Format of a sample data point
```json
[
    {
        "id": 4169,
        "href": "https://thuvienphapluat.vn/hoi-dap-phap-luat/5CFC0-hd-bao-nhieu-tuoi-moi-duoc-dang-ky-dao-tao-thuong-xuyen-hoc-nghe.html",
        "question": "Thời gian học mỗi buổi đào tạo thường xuyên học nghề tối đa bao nhiêu giờ?",
        "answer": "khi bạn tham gia chương trình đào tạo thường xuyên học nghề thì thời gian học mỗi buổi tối đa là 05 (năm) giờ và thời gian học trong một ngày tối đa là 08 (tám) giờ.",
        "relevant_laws": [
            {
                "name": "Điều 9 Thông tư 43/2015/TT-BLĐTBXH",
                "href": "https://thuvienphapluat.vn/van-ban/lao-dong-tien-luong/thong-tu-43-2015-tt-bldtbxh-dao-tao-thuong-xuyen-297839.aspx",
                "id_Law": "43/2015/TT-BLĐTBXH",
                "id_Chapter": 3,
                "id_Section": 1,
                "id_Article": 9
            }
        ],
        "annotation_list": []
    },
  ...
]
```

In [2]:
import json
import random

# Load the question and law data
with open('/kaggle/input/data-qa-991/question_9.91_train_gui_duy.json', 'r') as qftr:
    question_data_train = json.load(qftr)
        
with open('/kaggle/input/data-qa-991/question_9.91_test_gui_duy.json', 'r') as qfte:
    question_data_test = json.load(qfte)

with open('/kaggle/input/data-qa-991/law_nondup copy 11_modified.json', 'r') as lf:
    law_data = json.load(lf)

In [3]:
# Create a dictionary for quick lookup of laws by their IDs
law_dict = {}
for law in law_data:
    law_dict[law['id']] = law

In [4]:
#The find_hard_negatives function returns 5 random articles from the same law but different from the correct article
def find_hard_negatives(law, correct_chapter_id, correct_section_id, correct_article_id, num_articles=5):
    # Flatten all sections and articles in the law except the correct one
    articles = []
    for chapter in law['content']:
        for section in chapter['content_Chapter']:
            for article in section['content_Section']:
                if not (chapter['id_Chapter'] == correct_chapter_id and 
                        section['id_Section'] == correct_section_id and 
                        article['id_Article'] == correct_article_id):
                    articles.append(article['content_Article'])
    
    if len(articles) < num_articles:
        return articles  # If there are fewer articles than needed, return all of them
    return random.sample(articles, num_articles) if articles else None

#The find_soft_negatives function returns 5 random articles from different laws
def find_soft_negatives(law_dict, correct_law_id, num_articles=5):
    articles = []
    law_ids = list(law_dict.keys())
    if correct_law_id in law_ids:
        law_ids.remove(correct_law_id)

    while len(articles) < num_articles and law_ids:
        random_law_id = random.choice(law_ids)
        random_law = law_dict[random_law_id]
        random_chapter = random.choice(random_law['content'])
        random_section = random.choice(random_chapter['content_Chapter'])
        random_article = random.choice(random_section['content_Section'])
        articles.append(random_article['content_Article'])
        law_ids.remove(random_law_id)  # Remove the used law ID to avoid duplicates

    return articles if articles else None

# Function to process the questions, match the relevant laws and add negative samples used for Contrastive Learning
def process_questions(question_data, law_dict):
    for question in question_data:
        for relevant_law in question['relevant_laws']:
            law_id = relevant_law['id_Law']
            chapter_id = relevant_law['id_Chapter']
            section_id = relevant_law['id_Section']
            article_id = relevant_law['id_Article']

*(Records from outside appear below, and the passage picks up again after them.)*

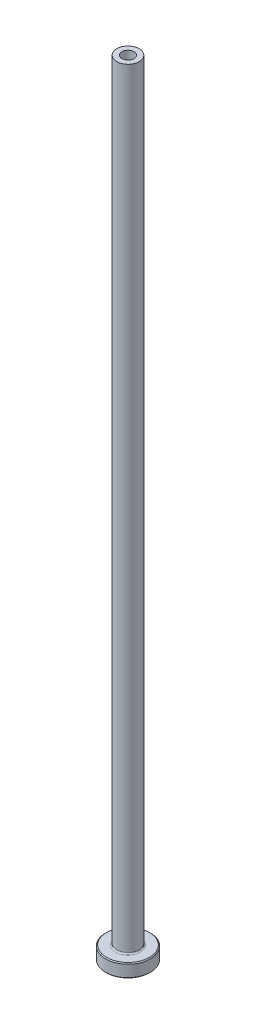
ISO-10303-21;
HEADER;
FILE_DESCRIPTION(('STEP AP214'),'2;1');
FILE_NAME('part.step','',(''),(''),'','','');
FILE_SCHEMA(('AUTOMOTIVE_DESIGN { 1 0 10303 214 1 1 1 1 }'));
ENDSEC;
DATA;
#1=APPLICATION_CONTEXT('core data for automotive mechanical design processes');
#2=APPLICATION_PROTOCOL_DEFINITION('international standard','automotive_design',2000,#1);
#3=PRODUCT_CONTEXT('',#1,'mechanical');
#4=PRODUCT('Part','Part','',(#3));
#5=PRODUCT_RELATED_PRODUCT_CATEGORY('part','',(#4));
#6=PRODUCT_DEFINITION_FORMATION('','',#4);
#7=PRODUCT_DEFINITION_CONTEXT('part definition',#1,'design');
#8=PRODUCT_DEFINITION('design','',#6,#7);
#9=PRODUCT_DEFINITION_SHAPE('','',#8);
#10=(LENGTH_UNIT() NAMED_UNIT(*) SI_UNIT(.MILLI.,.METRE.));
#11=(NAMED_UNIT(*) PLANE_ANGLE_UNIT() SI_UNIT($,.RADIAN.));
#12=(NAMED_UNIT(*) SI_UNIT($,.STERADIAN.) SOLID_ANGLE_UNIT());
#13=UNCERTAINTY_MEASURE_WITH_UNIT(LENGTH_MEASURE(1.E-05),#10,'distance_accuracy_value','');
#14=(GEOMETRIC_REPRESENTATION_CONTEXT(3) GLOBAL_UNCERTAINTY_ASSIGNED_CONTEXT((#13)) GLOBAL_UNIT_ASSIGNED_CONTEXT((#10,
#11,#12)) REPRESENTATION_CONTEXT('',''));
#15=CARTESIAN_POINT('',(0.,0.,0.));
#16=DIRECTION('',(0.,0.,1.));
#17=DIRECTION('',(1.,0.,0.));
#18=AXIS2_PLACEMENT_3D('',#15,#16,#17);
#19=CARTESIAN_POINT('',(0.,92.1876809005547,0.));
#20=DIRECTION('',(0.,1.,0.));
#21=DIRECTION('',(0.,0.,1.));
#22=AXIS2_PLACEMENT_3D('',#19,#20,#21);
#23=CYLINDRICAL_SURFACE('',#22,1.35);
#24=CARTESIAN_POINT('',(0.,175.,0.));
#25=DIRECTION('',(0.,1.,0.));
#26=DIRECTION('',(0.,0.,1.));
#27=AXIS2_PLACEMENT_3D('',#24,#25,#26);
#28=CIRCLE('',#27,1.35);
#29=CARTESIAN_POINT('',(0.,175.,1.35));
#30=VERTEX_POINT('',#29);
#31=EDGE_CURVE('E62',#30,#30,#28,.T.);
#32=ORIENTED_EDGE('',*,*,#31,.T.);
#33=EDGE_LOOP('',(#32));
#34=FACE_BOUND('',#33,.T.);
#35=CARTESIAN_POINT('',(0.,130.,0.));
#36=DIRECTION('',(0.,1.,0.));
#37=DIRECTION('',(0.,0.,1.));
#38=AXIS2_PLACEMENT_3D('',#35,#36,#37);
#39=CIRCLE('',#38,1.35);
#40=CARTESIAN_POINT('',(0.,130.,1.35));
#41=VERTEX_POINT('',#40);
#42=EDGE_CURVE('E71',#41,#41,#39,.T.);
#43=ORIENTED_EDGE('',*,*,#42,.F.);
#44=EDGE_LOOP('',(#43));
#45=FACE_BOUND('',#44,.T.);
#46=ADVANCED_FACE('F30',(#34,#45),#23,.F.);
#47=CARTESIAN_POINT('',(-1.35,175.,0.));
#48=DIRECTION('',(0.,1.,0.));
#49=DIRECTION('',(0.,0.,1.));
#50=AXIS2_PLACEMENT_3D('',#47,#48,#49);
#51=PLANE('',#50);
#52=CARTESIAN_POINT('',(0.,175.,0.));
#53=DIRECTION('',(0.,1.,0.));
#54=DIRECTION('',(0.,0.,1.));
#55=AXIS2_PLACEMENT_3D('',#52,#53,#54);
#56=CIRCLE('',#55,2.50000000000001);
#57=CARTESIAN_POINT('',(0.,175.,2.50000000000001));
#58=VERTEX_POINT('',#57);
#59=EDGE_CURVE('E65',#58,#58,#56,.T.);
#60=ORIENTED_EDGE('',*,*,#59,.T.);
#61=EDGE_LOOP('',(#60));
#62=FACE_BOUND('',#61,.T.);
#63=ORIENTED_EDGE('',*,*,#31,.F.);
#64=EDGE_LOOP('',(#63));
#65=FACE_BOUND('',#64,.T.);
#66=ADVANCED_FACE('F79',(#62,#65),#51,.T.);
#67=CARTESIAN_POINT('',(0.,92.1876809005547,0.));
#68=DIRECTION('',(0.,1.,0.));
#69=DIRECTION('',(0.,0.,1.));
#70=AXIS2_PLACEMENT_3D('',#67,#68,#69);
#71=CYLINDRICAL_SURFACE('',#70,2.5);
#72=CARTESIAN_POINT('',(0.,3.3,0.));
#73=DIRECTION('',(0.,1.,0.));
#74=DIRECTION('',(0.,0.,1.));
#75=AXIS2_PLACEMENT_3D('',#72,#73,#74);
#76=CIRCLE('',#75,2.5);
#77=CARTESIAN_POINT('',(0.,3.3,2.5));
#78=VERTEX_POINT('',#77);
#79=EDGE_CURVE('E59',#78,#78,#76,.T.);
#80=ORIENTED_EDGE('',*,*,#79,.T.);
#81=EDGE_LOOP('',(#80));
#82=FACE_BOUND('',#81,.T.);
#83=ORIENTED_EDGE('',*,*,#59,.F.);
#84=EDGE_LOOP('',(#83));
#85=FACE_BOUND('',#84,.T.);
#86=ADVANCED_FACE('F85',(#82,#85),#71,.T.);
#87=CARTESIAN_POINT('',(-2.49999999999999,3.,0.));
#88=DIRECTION('',(0.,1.,0.));
#89=DIRECTION('',(0.,0.,1.));
#90=AXIS2_PLACEMENT_3D('',#87,#88,#89);
#91=PLANE('',#90);
#92=CARTESIAN_POINT('',(0.,3.,0.));
#93=DIRECTION('',(0.,1.,0.));
#94=DIRECTION('',(0.,0.,1.));
#95=AXIS2_PLACEMENT_3D('',#92,#93,#94);
#96=CIRCLE('',#95,4.8);
#97=CARTESIAN_POINT('',(0.,3.,4.8));
#98=VERTEX_POINT('',#97);
#99=EDGE_CURVE('E53',#98,#98,#96,.T.);
#100=ORIENTED_EDGE('',*,*,#99,.T.);
#101=EDGE_LOOP('',(#100));
#102=FACE_BOUND('',#101,.T.);
#103=CARTESIAN_POINT('',(0.,3.,0.));
#104=DIRECTION('',(0.,1.,0.));
#105=DIRECTION('',(0.,0.,1.));
#106=AXIS2_PLACEMENT_3D('',#103,#104,#105);
#107=CIRCLE('',#106,2.8);
#108=CARTESIAN_POINT('',(0.,3.,2.8));
#109=VERTEX_POINT('',#108);
#110=EDGE_CURVE('E56',#109,#109,#107,.F.);
#111=ORIENTED_EDGE('',*,*,#110,.T.);
#112=EDGE_LOOP('',(#111));
#113=FACE_BOUND('',#112,.T.);
#114=ADVANCED_FACE('F111',(#102,#113),#91,.T.);
#115=CARTESIAN_POINT('',(0.,92.1876809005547,0.));
#116=DIRECTION('',(0.,1.,0.));
#117=DIRECTION('',(0.,0.,1.));
#118=AXIS2_PLACEMENT_3D('',#115,#116,#117);
#119=CYLINDRICAL_SURFACE('',#118,4.99999999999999);
#120=CARTESIAN_POINT('',(0.,2.8,0.));
#121=DIRECTION('',(0.,1.,0.));
#122=DIRECTION('',(0.,0.,1.));
#123=AXIS2_PLACEMENT_3D('',#120,#121,#122);
#124=CIRCLE('',#123,4.99999999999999);
#125=CARTESIAN_POINT('',(0.,2.8,4.99999999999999));
#126=VERTEX_POINT('',#125);
#127=EDGE_CURVE('E45',#126,#126,#124,.F.);
#128=ORIENTED_EDGE('',*,*,#127,.T.);
#129=EDGE_LOOP('',(#128));
#130=FACE_BOUND('',#129,.T.);
#131=CARTESIAN_POINT('',(0.,0.200000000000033,0.));
#132=DIRECTION('',(0.,-1.,0.));
#133=DIRECTION('',(0.,0.,-1.));
#134=AXIS2_PLACEMENT_3D('',#131,#132,#133);
#135=CIRCLE('',#134,4.99999999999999);
#136=CARTESIAN_POINT('',(0.,0.200000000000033,-4.99999999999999));
#137=VERTEX_POINT('',#136);
#138=EDGE_CURVE('E50',#137,#137,#135,.F.);
#139=ORIENTED_EDGE('',*,*,#138,.T.);
#140=EDGE_LOOP('',(#139));
#141=FACE_BOUND('',#140,.T.);
#142=ADVANCED_FACE('F108',(#130,#141),#119,.T.);
#143=CARTESIAN_POINT('',(-4.99999999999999,0.,0.));
#144=DIRECTION('',(0.,-1.,0.));
#145=DIRECTION('',(0.,0.,-1.));
#146=AXIS2_PLACEMENT_3D('',#143,#144,#145);
#147=PLANE('',#146);
#148=CARTESIAN_POINT('',(0.,0.,0.));
#149=DIRECTION('',(0.,-1.,0.));
#150=DIRECTION('',(0.,0.,-1.));
#151=AXIS2_PLACEMENT_3D('',#148,#149,#150);
#152=CIRCLE('',#151,2.09999999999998);
#153=CARTESIAN_POINT('',(0.,0.,-2.09999999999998));
#154=VERTEX_POINT('',#153);
#155=EDGE_CURVE('E37',#154,#154,#152,.F.);
#156=ORIENTED_EDGE('',*,*,#155,.T.);
#157=EDGE_LOOP('',(#156));
#158=FACE_BOUND('',#157,.T.);
#159=CARTESIAN_POINT('',(0.,0.,0.));
#160=DIRECTION('',(0.,-1.,0.));
#161=DIRECTION('',(0.,0.,-1.));
#162=AXIS2_PLACEMENT_3D('',#159,#160,#161);
#163=CIRCLE('',#162,4.79999999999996);
#164=CARTESIAN_POINT('',(0.,0.,-4.79999999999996));
#165=VERTEX_POINT('',#164);
#166=EDGE_CURVE('E41',#165,#165,#163,.T.);
#167=ORIENTED_EDGE('',*,*,#166,.T.);
#168=EDGE_LOOP('',(#167));
#169=FACE_BOUND('',#168,.T.);
#170=ADVANCED_FACE('F110',(#158,#169),#147,.T.);
#171=CARTESIAN_POINT('',(0.,92.1876809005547,0.));
#172=DIRECTION('',(0.,1.,0.));
#173=DIRECTION('',(0.,0.,1.));
#174=AXIS2_PLACEMENT_3D('',#171,#172,#173);
#175=CYLINDRICAL_SURFACE('',#174,1.6);
#176=CARTESIAN_POINT('',(0.,0.499999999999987,0.));
#177=DIRECTION('',(0.,-1.,0.));
#178=DIRECTION('',(0.,0.,-1.));
#179=AXIS2_PLACEMENT_3D('',#176,#177,#178);
#180=CIRCLE('',#179,1.6);
#181=CARTESIAN_POINT('',(0.,0.499999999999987,-1.6));
#182=VERTEX_POINT('',#181);
#183=EDGE_CURVE('E10',#182,#182,#180,.T.);
#184=ORIENTED_EDGE('',*,*,#183,.T.);
#185=EDGE_LOOP('',(#184));
#186=FACE_BOUND('',#185,.T.);
#187=CARTESIAN_POINT('',(0.,118.,0.));
#188=DIRECTION('',(0.,1.,0.));
#189=DIRECTION('',(0.,0.,1.));
#190=AXIS2_PLACEMENT_3D('',#187,#188,#189);
#191=CIRCLE('',#190,1.6);
#192=CARTESIAN_POINT('',(0.,118.,1.6));
#193=VERTEX_POINT('',#192);
#194=EDGE_CURVE('E68',#193,#193,#191,.T.);
#195=ORIENTED_EDGE('',*,*,#194,.T.);
#196=EDGE_LOOP('',(#195));
#197=FACE_BOUND('',#196,.T.);
#198=ADVANCED_FACE('F118',(#186,#197),#175,.F.);
#199=CARTESIAN_POINT('',(0.,118.,0.));
#200=DIRECTION('',(0.,-1.,0.));
#201=DIRECTION('',(0.,0.,-1.));
#202=AXIS2_PLACEMENT_3D('',#199,#200,#201);
#203=CONICAL_SURFACE('',#202,1.6,0.0208303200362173);
#204=ORIENTED_EDGE('',*,*,#42,.T.);
#205=EDGE_LOOP('',(#204));
#206=FACE_BOUND('',#205,.T.);
#207=ORIENTED_EDGE('',*,*,#194,.F.);
#208=EDGE_LOOP('',(#207));
#209=FACE_BOUND('',#208,.T.);
#210=ADVANCED_FACE('F75',(#206,#209),#203,.F.);
#211=CARTESIAN_POINT('',(0.,3.3,0.));
#212=DIRECTION('',(0.,1.,0.));
#213=DIRECTION('',(0.,0.,1.));
#214=AXIS2_PLACEMENT_3D('',#211,#212,#213);
#215=TOROIDAL_SURFACE('',#214,2.8,0.3);
#216=ORIENTED_EDGE('',*,*,#110,.F.);
#217=EDGE_LOOP('',(#216));
#218=FACE_BOUND('',#217,.T.);
#219=ORIENTED_EDGE('',*,*,#79,.F.);
#220=EDGE_LOOP('',(#219));
#221=FACE_BOUND('',#220,.T.);
#222=ADVANCED_FACE('F90',(#218,#221),#215,.F.);
#223=CARTESIAN_POINT('',(0.,3.,0.));
#224=DIRECTION('',(0.,-1.,0.));
#225=DIRECTION('',(0.,0.,-1.));
#226=AXIS2_PLACEMENT_3D('',#223,#224,#225);
#227=CONICAL_SURFACE('',#226,4.8,0.785398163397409);
#228=ORIENTED_EDGE('',*,*,#127,.F.);
#229=EDGE_LOOP('',(#228));
#230=FACE_BOUND('',#229,.T.);
#231=ORIENTED_EDGE('',*,*,#99,.F.);
#232=EDGE_LOOP('',(#231));
#233=FACE_BOUND('',#232,.T.);
#234=ADVANCED_FACE('F93',(#230,#233),#227,.T.);
#235=CARTESIAN_POINT('',(0.,0.200000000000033,0.));
#236=DIRECTION('',(0.,1.,0.));
#237=DIRECTION('',(0.,0.,1.));
#238=AXIS2_PLACEMENT_3D('',#235,#236,#237);
#239=CONICAL_SURFACE('',#238,4.99999999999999,0.785398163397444);
#240=ORIENTED_EDGE('',*,*,#166,.F.);
#241=EDGE_LOOP('',(#240));
#242=FACE_BOUND('',#241,.T.);
#243=ORIENTED_EDGE('',*,*,#138,.F.);
#244=EDGE_LOOP('',(#243));
#245=FACE_BOUND('',#244,.T.);
#246=ADVANCED_FACE('F96',(#242,#245),#239,.T.);
#247=CARTESIAN_POINT('',(0.,0.,0.));
#248=DIRECTION('',(0.,-1.,0.));
#249=DIRECTION('',(0.,0.,-1.));
#250=AXIS2_PLACEMENT_3D('',#247,#248,#249);
#251=CONICAL_SURFACE('',#250,2.09999999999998,0.785398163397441);
#252=ORIENTED_EDGE('',*,*,#183,.F.);
#253=EDGE_LOOP('',(#252));
#254=FACE_BOUND('',#253,.T.);
#255=ORIENTED_EDGE('',*,*,#155,.F.);
#256=EDGE_LOOP('',(#255));
#257=FACE_BOUND('',#256,.T.);
#258=ADVANCED_FACE('F32',(#254,#257),#251,.F.);
#259=CLOSED_SHELL('',(#46,#66,#86,#114,#142,#170,#198,#210,#222,#234,#246,#258));
#260=MANIFOLD_SOLID_BREP('B2',#259);
#261=ADVANCED_BREP_SHAPE_REPRESENTATION('',(#18,#260),#14);
#262=SHAPE_DEFINITION_REPRESENTATION(#9,#261);
ENDSEC;
END-ISO-10303-21;

            # Find the corresponding law
            if law_id in law_dict:
                law = law_dict[law_id]
                for chapter in law['content']:
                    if chapter['id_Chapter'] == chapter_id:
                        for section in chapter['content_Chapter']:
                            if section['id_Section'] == section_id:
                                for article in section['content_Section']:
                                    if article['id_Article'] == article_id:
                                        # Add the content of the article to the relevant law in the question
                                        relevant_law['content'] = article['content_Article']

                                        # Add soft negatives
                                        relevant_law['soft_negative'] = find_soft_negatives(law_dict, law_id)

                                        # Add hard negatives
                                        relevant_law['hard_negative'] = find_hard_negatives(law, chapter_id, section_id, article_id)

process_questions(question_data_train, law_dict)
process_questions(question_data_test, law_dict)

In [5]:
# Save the updated question data
with open('updated_question_file_train_5.json', 'w') as f:
    json.dump(question_data_train, f, ensure_ascii=False, indent=4)

with open('updated_question_file_test_5.json', 'w') as f:
    json.dump(question_data_test, f, ensure_ascii=False, indent=4)

In [6]:
#The prepare_triplets function returns triplets used for Contrastive Learning with Triplet Loss
def prepare_triplets(data):
    triplets = {
        'anchor': [],
        'positive': [],
        'negative': []
    }
    for item in data:
        anchor = item['question']
        
        for relevant_law in item["relevant_laws"]:
            positive = relevant_law["content"]
            soft_negative = relevant_law['soft_negative']
            hard_negative = relevant_law['hard_negative']
            if soft_negative:
                for soft in soft_negative:
                    triplets['anchor'].append(anchor)
                    triplets['positive'].append(positive)
                    triplets['negative'].append(soft)
            if hard_negative:
                for hard in hard_negative:
                    triplets['anchor'].append(anchor)
                    triplets['positive'].append(positive)
                    triplets['negative'].append(hard)
                
    return triplets

with open('/kaggle/working/updated_question_file_train_5.json', 'r', encoding = 'utf-8') as f:
    train_data = json.load(f)
with open('/kaggle/working/updated_question_file_test_5.json', 'r', encoding = 'utf-8') as f:
    eval_data = json.load(f)
    
train_triplets = prepare_triplets(train_data)
eval_triplets = prepare_triplets(eval_data)

# Fine-tuning Sentence BERT using Contrastive Learning with Triplet Loss

In [7]:
# Load the pre-trained sBERT model on Vietnamese text
model = SentenceTransformer("keepitreal/vietnamese-sbert")
train_dataset = Dataset.from_dict(train_triplets)
eval_dataset = Dataset.from_dict(eval_triplets)

# Define loss function
loss = losses.TripletLoss(model=model)

modules.json:   0%|          | 0.00/229 [00:00<?, ?B/s]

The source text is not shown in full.